Numerical Power Spectrum Calculator#

This module directly computes the WI primordial power spectrum \(P_{\mathcal{R}}(k)\) by solving the full set of stochastic perturbation equations. It can be used independently of the other modules of SWIM.

Key features:

  • Full stochastic-Langevin evolution of perturbations

  • Direct computation of \(P_{\mathcal{R}}(k)\) as a function of \(k\)

  • No reliance on the \(G(Q)\) approximation

Structure#

This module is implemented in:

PS_Calculator/

It includes two sub-directories- 1) Power_Spectrum and 2) Emulator


Power Spectrum#

This subdirectory contains Python scripts for computing the numerical power spectrum of a WI model, along with Jupyter notebooks for visualizing and analysing the results. The outputs are stored as .dat files, including both the primordial power spectrum and the corresponding background evolution. These files can be used for further analysis and for extracting observables such as \(A_s\), \(n_s\), and \(r\). This mode requires the WI model parameters to be known and explicitly specified.

Emulator#

To reduce the computational cost of parameter inference, the numerical power spectrum module includes an emulator based on Random Forest Regression (RFR).

  • The emulator is trained on outputs of the numerical power spectrum solver

  • It maps model parameters to power spectrum parameters (\(A_s\), \(n_s\), \(\alpha_s\) and \(\beta_s\))

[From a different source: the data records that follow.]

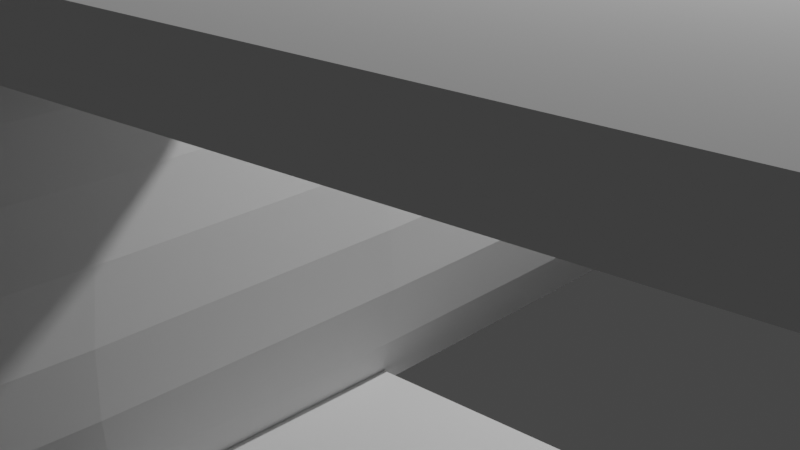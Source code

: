 # Source: plane.blend  (saved by Blender 2.82.7; exported with 4.5.12 LTS)
import bpy
from mathutils import Matrix  # noqa: F401  (used for matrix-valued properties, if any)

bpy.ops.wm.read_factory_settings(use_empty=True)
scene = bpy.context.scene
scene.name = 'Scene'

# ---- collections
col_collection = bpy.data.collections.new('Collection'); scene.collection.children.link(col_collection)

# ---- world
world_world = bpy.data.worlds.new('World'); scene.world = world_world
world_world.use_nodes = True; world_world.node_tree.nodes.clear()
_N = world_world.node_tree.nodes; _L = world_world.node_tree.links
n0 = _N.new('ShaderNodeOutputWorld'); n0.name = 'World Output'; n0.location = (300, 300)
n1 = _N.new('ShaderNodeBackground'); n1.name = 'Background'; n1.location = (10, 300)
n1.inputs[0].default_value = (0.05088, 0.05088, 0.05088, 1.0)
_L.new(n1.outputs[0], n0.inputs[0])
n0.is_active_output = True
world_world.color = (0.05088, 0.05088, 0.05088)
world_world.use_sun_shadow = False
world_world.sun_shadow_jitter_overblur = 0.0

# ---- cameras
cam_camera = bpy.data.cameras.new('Camera')
cam_camera.clip_end = 100.0
cam_camera.ortho_scale = 7.314

# ---- lights
light_light = bpy.data.lights.new('Light', 'POINT')
light_light.transmission_factor = 0.0
light_light.energy = 1000.0
light_light.shadow_soft_size = 0.1
light_light.shadow_maximum_resolution = 0.006
light_light.use_absolute_resolution = True

# ---- meshes
me_sphere = bpy.data.meshes.new('Sphere')
me_sphere.from_pydata([(0.1951, -3.266e-07, 0.9808), (0.3827, -3.192e-07, 0.9239), (0.5556, -3.117e-07, 0.8315), (0.7071, -3.192e-07, 0.7071), (0.8315, -3.341e-07, 0.5556), (0.9239, -2.745e-07, 0.3827), (0.9808, -3.937e-07, 0.1951), (1.0, -3.788e-07, 7.55e-08), (0.9808, -3.937e-07, -0.1951), (0.9239, -2.298e-07, -0.3827), (0.8315, -3.341e-07, -0.3425), (0.7071, -3.192e-07, -0.3051), (0.5556, -3.415e-07, -0.2744), (0.3827, -3.043e-07, -0.2516), (0.1951, -3.08e-07, -0.2375), (0.1913, -0.03806, 0.9808), (0.3753, -0.07466, 0.9239), (0.5449, -0.1084, 0.8315), (0.6935, -0.138, 0.7071), (0.8155, -0.1622, 0.5556), (0.9061, -0.1802, 0.3827), (0.9619, -0.1913, 0.1951), (0.9808, -0.1951, 7.55e-08), (0.9619, -0.1913, -0.1951), (0.9061, -0.1802, -0.3827), (0.8155, -0.1622, -0.3425), (0.6935, -0.138, -0.3051), (0.5449, -0.1084, -0.2744), (0.3753, -0.07466, -0.2516), (0.1913, -0.03806, -0.2375), (0.1802, -0.07466, 0.9808), (0.3536, -0.1464, 0.9239), (0.5133, -0.2126, 0.8315), (0.6533, -0.2706, 0.7071), (0.7682, -0.3182, 0.5556), (0.8536, -0.3536, 0.3827), (0.9061, -0.3753, 0.1951), (0.9239, -0.3827, 7.55e-08), (0.9061, -0.3753, -0.1951), (0.8536, -0.3536, -0.3827), (0.7682, -0.3182, -0.3425), (0.6533, -0.2706, -0.3051), (0.5133, -0.2126, -0.2744), (0.3536, -0.1464, -0.2516), (0.1802, -0.07466, -0.2375), (0.1622, -0.1084, 0.9808), (0.3182, -0.2126, 0.9239), (0.4619, -0.3087, 0.8315), (0.5879, -0.3928, 0.7071), (0.6913, -0.4619, 0.5556), (0.7682, -0.5133, 0.3827), (0.8155, -0.5449, 0.1951), (0.8315, -0.5556, 7.55e-08), (0.8155, -0.5449, -0.1951), (0.7682, -0.5133, -0.3827), (0.6913, -0.4619, -0.3425), (0.5879, -0.3928, -0.3051), (0.4619, -0.3087, -0.2744), (0.3182, -0.2126, -0.2516), (0.1622, -0.1084, -0.2375), (0.1379, -0.138, 0.9808), (0.2706, -0.2706, 0.9239), (0.3928, -0.3928, 0.8315), (0.5, -0.5, 0.7071), (0.5879, -0.5879, 0.5556), (0.6533, -0.6533, 0.3827), (0.6935, -0.6935, 0.1951), (0.7071, -0.7071, 7.55e-08), (0.6935, -0.6935, -0.1951), (0.6533, -0.6533, -0.3827), (0.5879, -0.5879, -0.3425), (0.5, -0.5, -0.3051), (0.3928, -0.3928, -0.2744), (0.2706, -0.2706, -0.2516), (0.1379, -0.138, -0.2375), (0.1084, -0.1622, 0.9808), (0.2126, -0.3182, 0.9239), (0.3087, -0.4619, 0.8315), (0.3928, -0.5879, 0.7071), (0.4619, -0.6913, 0.5556), (0.5133, -0.7682, 0.3827), (0.5449, -0.8155, 0.1951), (0.5556, -0.8315, 7.55e-08), (0.5449, -0.8155, -0.1951), (0.5133, -0.7682, -0.3827), (0.4619, -0.6913, -0.3425), (0.3928, -0.5879, -0.3051), (0.3087, -0.4619, -0.2744), (0.2126, -0.3182, -0.2516), (0.1084, -0.1622, -0.2375), (0.0, -3.258e-07, -0.2328), (0.07466, -0.1802, 0.9808), (0.1464, -0.3536, 0.9239), (0.2126, -0.5133, 0.8315), (0.2706, -0.6533, 0.7071), (0.3182, -0.7682, 0.5556), (0.3536, -0.8536, 0.3827), (0.3753, -0.9061, 0.1951), (0.3827, -0.9239, 7.55e-08), (0.3753, -0.9061, -0.1951), (0.3536, -0.8536, -0.3827), (0.3182, -0.7682, -0.3425), (0.2706, -0.6533, -0.3051), (0.2126, -0.5133, -0.2744), (0.1464, -0.3536, -0.2516), (0.07466, -0.1802, -0.2375), (0.03806, -0.1913, 0.9808), (0.07466, -0.3753, 0.9239), (0.1084, -0.5449, 0.8315), (0.1379, -0.6935, 0.7071), (0.1622, -0.8155, 0.5556), (0.1802, -0.9061, 0.3827), (0.1913, -0.9619, 0.1951), (0.1951, -0.9808, 7.55e-08), (0.1913, -0.9619, -0.1951), (0.1802, -0.9061, -0.3827), (0.1622, -0.8155, -0.3425), (0.1379, -0.6935, -0.3051), (0.1084, -0.5449, -0.2744), (0.07466, -0.3753, -0.2516), (0.03806, -0.1913, -0.2375), (-7.212e-09, -0.1951, 0.9808), (4.122e-08, -0.3827, 0.9239), (2.632e-08, -0.5556, 0.8315), (-2.584e-08, -0.7071, 0.7071), (-8.544e-08, -0.8315, 0.5556), (6.357e-08, -0.9239, 0.3827), (-8.544e-08, -0.9808, 0.1951), (-1.003e-07, -1.0, 7.55e-08), (-8.544e-08, -0.9808, -0.1951), (6.357e-08, -0.9239, -0.3827), (-8.544e-08, -0.8315, -0.3425), (-2.584e-08, -0.7071, -0.3051), (-1.094e-08, -0.5556, -0.2744), (3.964e-09, -0.3827, -0.2516), (3.964e-09, -0.1951, -0.2375), (-0.03806, -0.1913, 0.9808), (-0.07466, -0.3753, 0.9239), (-0.1084, -0.5449, 0.8315), (-0.1379, -0.6935, 0.7071), (-0.1622, -0.8155, 0.5556), (-0.1802, -0.9061, 0.3827), (-0.1913, -0.9619, 0.1951), (-0.1951, -0.9808, 7.55e-08), (-0.1913, -0.9619, -0.1951), (-0.1802, -0.9061, -0.3827), (-0.1622, -0.8155, -0.3425), (-0.1379, -0.6935, -0.3051), (-0.1084, -0.5449, -0.2744), (-0.07466, -0.3753, -0.2516), (-0.03806, -0.1913, -0.2375), (-0.07466, -0.1802, 0.9808), (-0.1464, -0.3536, 0.9239), (-0.2126, -0.5133, 0.8315), (-0.2706, -0.6533, 0.7071), (-0.3182, -0.7682, 0.5556), (-0.3536, -0.8536, 0.3827), (-0.3753, -0.9061, 0.1951), (-0.3827, -0.9239, 7.55e-08), (-0.3753, -0.9061, -0.1951), (-0.3536, -0.8536, -0.3827), (-0.3182, -0.7682, -0.3425), (-0.2706, -0.6533, -0.3051), (-0.2126, -0.5133, -0.2744), (-0.1464, -0.3536, -0.2516), (-0.07466, -0.1802, -0.2375), (-0.1084, -0.1622, 0.9808), (-0.2126, -0.3182, 0.9239), (-0.3087, -0.4619, 0.8315), (-0.3928, -0.5879, 0.7071), (-0.4619, -0.6913, 0.5556), (-0.5133, -0.7682, 0.3827), (-0.5449, -0.8155, 0.1951), (-0.5556, -0.8315, 7.55e-08), (-0.5449, -0.8155, -0.1951), (-0.5133, -0.7682, -0.3827), (-0.4619, -0.6913, -0.3425), (-0.3928, -0.5879, -0.3051), (-0.3087, -0.4619, -0.2744), (-0.2126, -0.3182, -0.2516), (-0.1084, -0.1622, -0.2375), (-2.304e-07, -5.562e-07, 1.0), (-0.1379, -0.138, 0.9808), (-0.2706, -0.2706, 0.9239), (-0.3928, -0.3928, 0.8315), (-0.5, -0.5, 0.7071), (-0.5879, -0.5879, 0.5556), (-0.6533, -0.6533, 0.3827), (-0.6935, -0.6935, 0.1951), (-0.7071, -0.7071, 7.55e-08), (-0.6935, -0.6935, -0.1951), (-0.6533, -0.6533, -0.3827), (-0.5879, -0.5879, -0.3425), (-0.5, -0.5, -0.3051), (-0.3928, -0.3928, -0.2744), (-0.2706, -0.2706, -0.2516), (-0.1379, -0.1379, -0.2375), (-0.1622, -0.1084, 0.9808), (-0.3182, -0.2126, 0.9239), (-0.4619, -0.3087, 0.8315), (-0.5879, -0.3928, 0.7071), (-0.6913, -0.4619, 0.5556), (-0.7682, -0.5133, 0.3827), (-0.8155, -0.5449, 0.1951), (-0.8315, -0.5556, 7.55e-08), (-0.8155, -0.5449, -0.1951), (-0.7682, -0.5133, -0.3827), (-0.6913, -0.4619, -0.3425), (-0.5879, -0.3928, -0.3051), (-0.4619, -0.3087, -0.2744), (-0.3182, -0.2126, -0.2516), (-0.1622, -0.1084, -0.2375), (-0.1802, -0.07466, 0.9808), (-0.3536, -0.1464, 0.9239), (-0.5133, -0.2126, 0.8315), (-0.6533, -0.2706, 0.7071), (-0.7682, -0.3182, 0.5556), (-0.8536, -0.3536, 0.3827), (-0.9061, -0.3753, 0.1951), (-0.9239, -0.3827, 7.55e-08), (-0.9061, -0.3753, -0.1951), (-0.8536, -0.3536, -0.3827), (-0.7682, -0.3182, -0.3425), (-0.6533, -0.2706, -0.3051), (-0.5133, -0.2126, -0.2744), (-0.3536, -0.1464, -0.2516), (-0.1802, -0.07466, -0.2375), (-0.1913, -0.03806, 0.9808), (-0.3753, -0.07466, 0.9239), (-0.5449, -0.1084, 0.8315), (-0.6935, -0.1379, 0.7071), (-0.8155, -0.1622, 0.5556), (-0.9061, -0.1802, 0.3827), (-0.9619, -0.1913, 0.1951), (-0.9808, -0.1951, 7.55e-08), (-0.9619, -0.1913, -0.1951), (-0.9061, -0.1802, -0.3827), (-0.8155, -0.1622, -0.3425), (-0.6935, -0.1379, -0.3051), (-0.5449, -0.1084, -0.2744), (-0.3753, -0.07466, -0.2516), (-0.1913, -0.03806, -0.2375), (-0.1951, -3.117e-07, 0.9808), (-0.3827, -2.819e-07, 0.9239), (-0.5556, -2.819e-07, 0.8315), (-0.7071, -1.851e-07, 0.7071), (-0.8315, -1.404e-07, 0.5556), (-0.9239, -3.192e-07, 0.3827), (-0.9808, -9.567e-08, 0.1951), (-1.0, -1.404e-07, 7.55e-08), (-0.9808, -9.567e-08, -0.1951), (-0.9239, -3.192e-07, -0.3827), (-0.8315, -1.404e-07, -0.3425), (-0.7071, -1.851e-07, -0.3051), (-0.5556, -2.596e-07, -0.2744), (-0.3827, -2.521e-07, -0.2516), (-0.1951, -3.155e-07, -0.2375), (0.1951, -3.266e-07, 0.9808), (0.3827, -3.192e-07, 0.9239), (0.5556, -3.117e-07, 0.8315), (0.7071, -3.192e-07, 0.7071), (0.8315, -3.341e-07, 0.5556), (0.9239, -2.745e-07, 0.3827), (0.9808, -3.937e-07, 0.1951), (1.0, -3.788e-07, 7.55e-08), (0.9808, -3.937e-07, -0.1951), (0.9239, -2.298e-07, -0.3827), (0.8315, -3.341e-07, -0.3425), (0.7071, -3.192e-07, -0.3051), (0.5556, -3.415e-07, -0.2744), (0.3827, -3.043e-07, -0.2516), (0.1951, -3.08e-07, -0.2375), (0.0, -3.258e-07, -0.2328), (-2.304e-07, -5.562e-07, 1.0), (-0.1951, -3.117e-07, 0.9808), (-0.3827, -2.819e-07, 0.9239), (-0.5556, -2.819e-07, 0.8315), (-0.7071, -1.851e-07, 0.7071), (-0.8315, -1.404e-07, 0.5556), (-0.9239, -3.192e-07, 0.3827), (-0.9808, -9.567e-08, 0.1951), (-1.0, -1.404e-07, 7.55e-08), (-0.9808, -9.567e-08, -0.1951), (-0.9239, -3.192e-07, -0.3827), (-0.8315, -1.404e-07, -0.3425), (-0.7071, -1.851e-07, -0.3051), (-0.5556, -2.596e-07, -0.2744), (-0.3827, -2.521e-07, -0.2516), (-0.1951, -3.155e-07, -0.2375), (0.1951, 0.1074, 0.9808), (0.3827, 0.1074, 0.9239), (0.5556, 0.1074, 0.8315), (0.7071, 0.1074, 0.7071), (0.8315, 0.1074, 0.5556), (0.9239, 0.1074, 0.3827), (0.9808, 0.1074, 0.1951), (1.0, 0.1074, 7.845e-08), (0.9808, 0.1074, -0.1951), (0.9239, 0.1074, -0.3827), (0.8315, 0.1074, -0.3425), (0.7071, 0.1074, -0.3051), (0.5556, 0.1074, -0.2744), (0.3827, 0.1074, -0.2516), (0.1951, 0.1074, -0.2375), (9.544e-09, 0.1074, -0.2328), (-2.209e-07, 0.1074, 1.0), (-0.1951, 0.1074, 0.9808), (-0.3827, 0.1074, 0.9239), (-0.5556, 0.1074, 0.8315), (-0.7071, 0.1074, 0.7071), (-0.8315, 0.1074, 0.5556), (-0.9239, 0.1074, 0.3827), (-0.9808, 0.1074, 0.1951), (-1.0, 0.1074, 7.845e-08), (-0.9808, 0.1074, -0.1951), (-0.9239, 0.1074, -0.3827), (-0.8315, 0.1074, -0.3425), (-0.7071, 0.1074, -0.3051), (-0.5556, 0.1074, -0.2744), (-0.3827, 0.1074, -0.2516), (-0.1951, 0.1074, -0.2375), (0.1951, 0.2148, 0.9808), (0.3827, 0.2148, 0.9239), (0.5556, 0.2148, 0.8315), (0.7071, 0.2148, 0.7071), (0.8315, 0.2148, 0.5556), (0.9239, 0.2148, 0.3827), (0.9808, 0.2148, 0.1951), (1.0, 0.2148, 8.092e-08), (0.9808, 0.2148, -0.1951), (0.9239, 0.2148, -0.3827), (0.8315, 0.2148, -0.3425), (0.7071, 0.2148, -0.3051), (0.5556, 0.2148, -0.2744), (0.3827, 0.2148, -0.2516), (0.1951, 0.2148, -0.2375), (1.923e-08, 0.2148, -0.2328), (-2.112e-07, 0.2148, 1.0), (-0.1951, 0.2148, 0.9808), (-0.3827, 0.2148, 0.9239), (-0.5556, 0.2148, 0.8315), (-0.7071, 0.2148, 0.7071), (-0.8315, 0.2148, 0.5556), (-0.9239, 0.2148, 0.3827), (-0.9808, 0.2148, 0.1951), (-1.0, 0.2148, 8.092e-08), (-0.9808, 0.2148, -0.1951), (-0.9239, 0.2148, -0.3827), (-0.8315, 0.2148, -0.3425), (-0.7071, 0.2148, -0.3051), (-0.5556, 0.2148, -0.2744), (-0.3827, 0.2148, -0.2516), (-0.1951, 0.2148, -0.2375), (0.1951, 0.3222, 0.9808), (0.3827, 0.3222, 0.9239), (0.5556, 0.3222, 0.8315), (0.7071, 0.3222, 0.7071), (0.8315, 0.3222, 0.5556), (0.9239, 0.3222, 0.3827), (0.9808, 0.3222, 0.1951), (1.0, 0.3222, 8.472e-08), (0.9808, 0.3222, -0.1951), (0.9239, 0.3222, -0.3827), (0.8315, 0.3222, -0.3425), (0.7071, 0.3222, -0.3051), (0.5556, 0.3222, -0.2744), (0.3827, 0.3222, -0.2516), (0.1951, 0.3222, -0.2375), (2.947e-08, 0.3222, -0.2328), (-2.009e-07, 0.3222, 1.0), (-0.1951, 0.3222, 0.9808), (-0.3827, 0.3222, 0.9239), (-0.5556, 0.3222, 0.8315), (-0.7071, 0.3222, 0.7071), (-0.8315, 0.3222, 0.5556), (-0.9239, 0.3222, 0.3827), (-0.9808, 0.3222, 0.1951), (-1.0, 0.3222, 8.472e-08), (-0.9808, 0.3222, -0.1951), (-0.9239, 0.3222, -0.3827), (-0.8315, 0.3222, -0.3425), (-0.7071, 0.3222, -0.3051), (-0.5556, 0.3222, -0.2744), (-0.3827, 0.3222, -0.2516), (-0.1951, 0.3222, -0.2375), (0.1951, 0.4296, 0.9808), (0.3827, 0.4296, 0.9239), (0.5556, 0.4296, 0.8315), (0.7071, 0.4296, 0.7071), (0.8315, 0.4296, 0.5556), (0.9239, 0.4296, 0.3827), (0.9808, 0.4296, 0.1951), (1.0, 0.4296, 8.662e-08), (0.9808, 0.4296, -0.1951), (0.9239, 0.4296, -0.3827), (0.8315, 0.4296, -0.3425), (0.7071, 0.4296, -0.3051), (0.5556, 0.4296, -0.2744), (0.3827, 0.4296, -0.2516), (0.1951, 0.4296, -0.2375), (3.981e-08, 0.4296, -0.2328), (-1.906e-07, 0.4296, 1.0), (-0.1951, 0.4296, 0.9808), (-0.3827, 0.4296, 0.9239), (-0.5556, 0.4296, 0.8315), (-0.7071, 0.4296, 0.7071), (-0.8315, 0.4296, 0.5556), (-0.9239, 0.4296, 0.3827), (-0.9808, 0.4296, 0.1951), (-1.0, 0.4296, 8.662e-08), (-0.9808, 0.4296, -0.1951), (-0.9239, 0.4296, -0.3827), (-0.8315, 0.4296, -0.3425), (-0.7071, 0.4296, -0.3051), (-0.5556, 0.4296, -0.2744), (-0.3827, 0.4296, -0.2516), (-0.1951, 0.4296, -0.2375), (0.05474, 0.9308, 0.4168), (0.1074, 0.9308, 0.4002), (0.1559, 0.9308, 0.3734), (0.1984, 0.9308, 0.3372), (0.2333, 0.9308, 0.2932), (0.2592, 0.9308, 0.243), (0.2752, 0.9308, 0.1884), (0.2806, 0.9308, 0.1317), (0.2752, 0.9308, 0.07506), (0.2592, 0.9308, 0.02054), (0.2333, 0.9308, 0.03222), (0.1984, 0.9308, 0.04309), (0.1559, 0.9308, 0.05202), (0.1074, 0.9308, 0.05865), (0.05474, 0.9308, 0.06273), (1.105e-07, 0.9308, 0.06411), (4.589e-08, 0.9308, 0.4223), (-0.05474, 0.9308, 0.4168), (-0.1074, 0.9308, 0.4002), (-0.1559, 0.9308, 0.3734), (-0.1984, 0.9308, 0.3372), (-0.2333, 0.9308, 0.2932), (-0.2592, 0.9308, 0.243), (-0.2752, 0.9308, 0.1884), (-0.2806, 0.9308, 0.1317), (-0.2752, 0.9308, 0.07506), (-0.2592, 0.9308, 0.02054), (-0.2333, 0.9308, 0.03222), (-0.1984, 0.9308, 0.04309), (-0.1559, 0.9308, 0.05202), (-0.1074, 0.9308, 0.05865), (-0.05474, 0.9308, 0.06273), (-0.5574, 0.8025, -0.03978), (-0.5574, 0.8025, 0.4811), (-0.9915, 0.9538, -0.03978), (-0.9915, 0.9538, 0.4811), (0.5613, 0.8025, -0.03978), (0.5613, 0.8025, 0.4811), (0.9954, 0.9538, -0.03978), (0.9954, 0.9538, 0.4811), (-0.1297, 0.7461, 0.3698), (-0.1297, 0.7461, 0.6866), (-0.1297, 0.9514, 0.3698), (-0.1297, 0.9514, 1.405), (0.1266, 0.7461, 0.3698), (0.1266, 0.7461, 0.6866), (0.1266, 0.9514, 0.3698), (0.1266, 0.9514, 1.405)], [], [(13, 12, 27, 28), (6, 5, 20, 21), (14, 13, 28, 29), (7, 6, 21, 22), (0, 181, 15), (90, 14, 29), (8, 7, 22, 23), (1, 0, 15, 16), (9, 8, 23, 24), (2, 1, 16, 17), (10, 9, 24, 25), (3, 2, 17, 18), (11, 10, 25, 26), (4, 3, 18, 19), (12, 11, 26, 27), (5, 4, 19, 20), (17, 16, 31, 32), (25, 24, 39, 40), (18, 17, 32, 33), (26, 25, 40, 41), (19, 18, 33, 34), (27, 26, 41, 42), (20, 19, 34, 35), (28, 27, 42, 43), (21, 20, 35, 36), (29, 28, 43, 44), (22, 21, 36, 37), (15, 181, 30), (90, 29, 44), (23, 22, 37, 38), (16, 15, 30, 31), (24, 23, 38, 39), (36, 35, 50, 51), (44, 43, 58, 59), (37, 36, 51, 52), (30, 181, 45), (90, 44, 59), (38, 37, 52, 53), (31, 30, 45, 46), (39, 38, 53, 54), (32, 31, 46, 47), (40, 39, 54, 55), (33, 32, 47, 48), (41, 40, 55, 56), (34, 33, 48, 49), (42, 41, 56, 57), (35, 34, 49, 50), (43, 42, 57, 58), (55, 54, 69, 70), (48, 47, 62, 63), (56, 55, 70, 71), (49, 48, 63, 64), (57, 56, 71, 72), (50, 49, 64, 65), (58, 57, 72, 73), (51, 50, 65, 66), (59, 58, 73, 74), (52, 51, 66, 67), (45, 181, 60), (90, 59, 74), (53, 52, 67, 68), (46, 45, 60, 61), (54, 53, 68, 69), (47, 46, 61, 62), (74, 73, 88, 89), (67, 66, 81, 82), (60, 181, 75), (90, 74, 89), (68, 67, 82, 83), (61, 60, 75, 76), (69, 68, 83, 84), (62, 61, 76, 77), (70, 69, 84, 85), (63, 62, 77, 78), (71, 70, 85, 86), (64, 63, 78, 79), (72, 71, 86, 87), (65, 64, 79, 80), (73, 72, 87, 88), (66, 65, 80, 81), (78, 77, 93, 94), (86, 85, 101, 102), (79, 78, 94, 95), (87, 86, 102, 103), (80, 79, 95, 96), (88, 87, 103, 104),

  • It is trained and used dynamically during inference to replace expensive numerical evaluations

The Emulator subdirectory is organized into two components:

  1. RF_Acc_Cobaya
    Performs parameter inference using Cobaya with the full numerical solver. During the run, the RFR emulator is trained on-the-fly and progressively replaces calls to the computationally expensive numerical solver.

  2. RF_Only_Cobaya
    Performs parameter inference using the pre-trained emulator. This mode is highly efficient and is suitable for more detailed or extended analyses once the emulator has been trained.

Note

The trained emulator is specific to the Warm Inflation model under consideration. Any change in the model, including modifications to the perturbation setup (e.g., thermalization assumptions or radiation noise), requires retraining the emulator.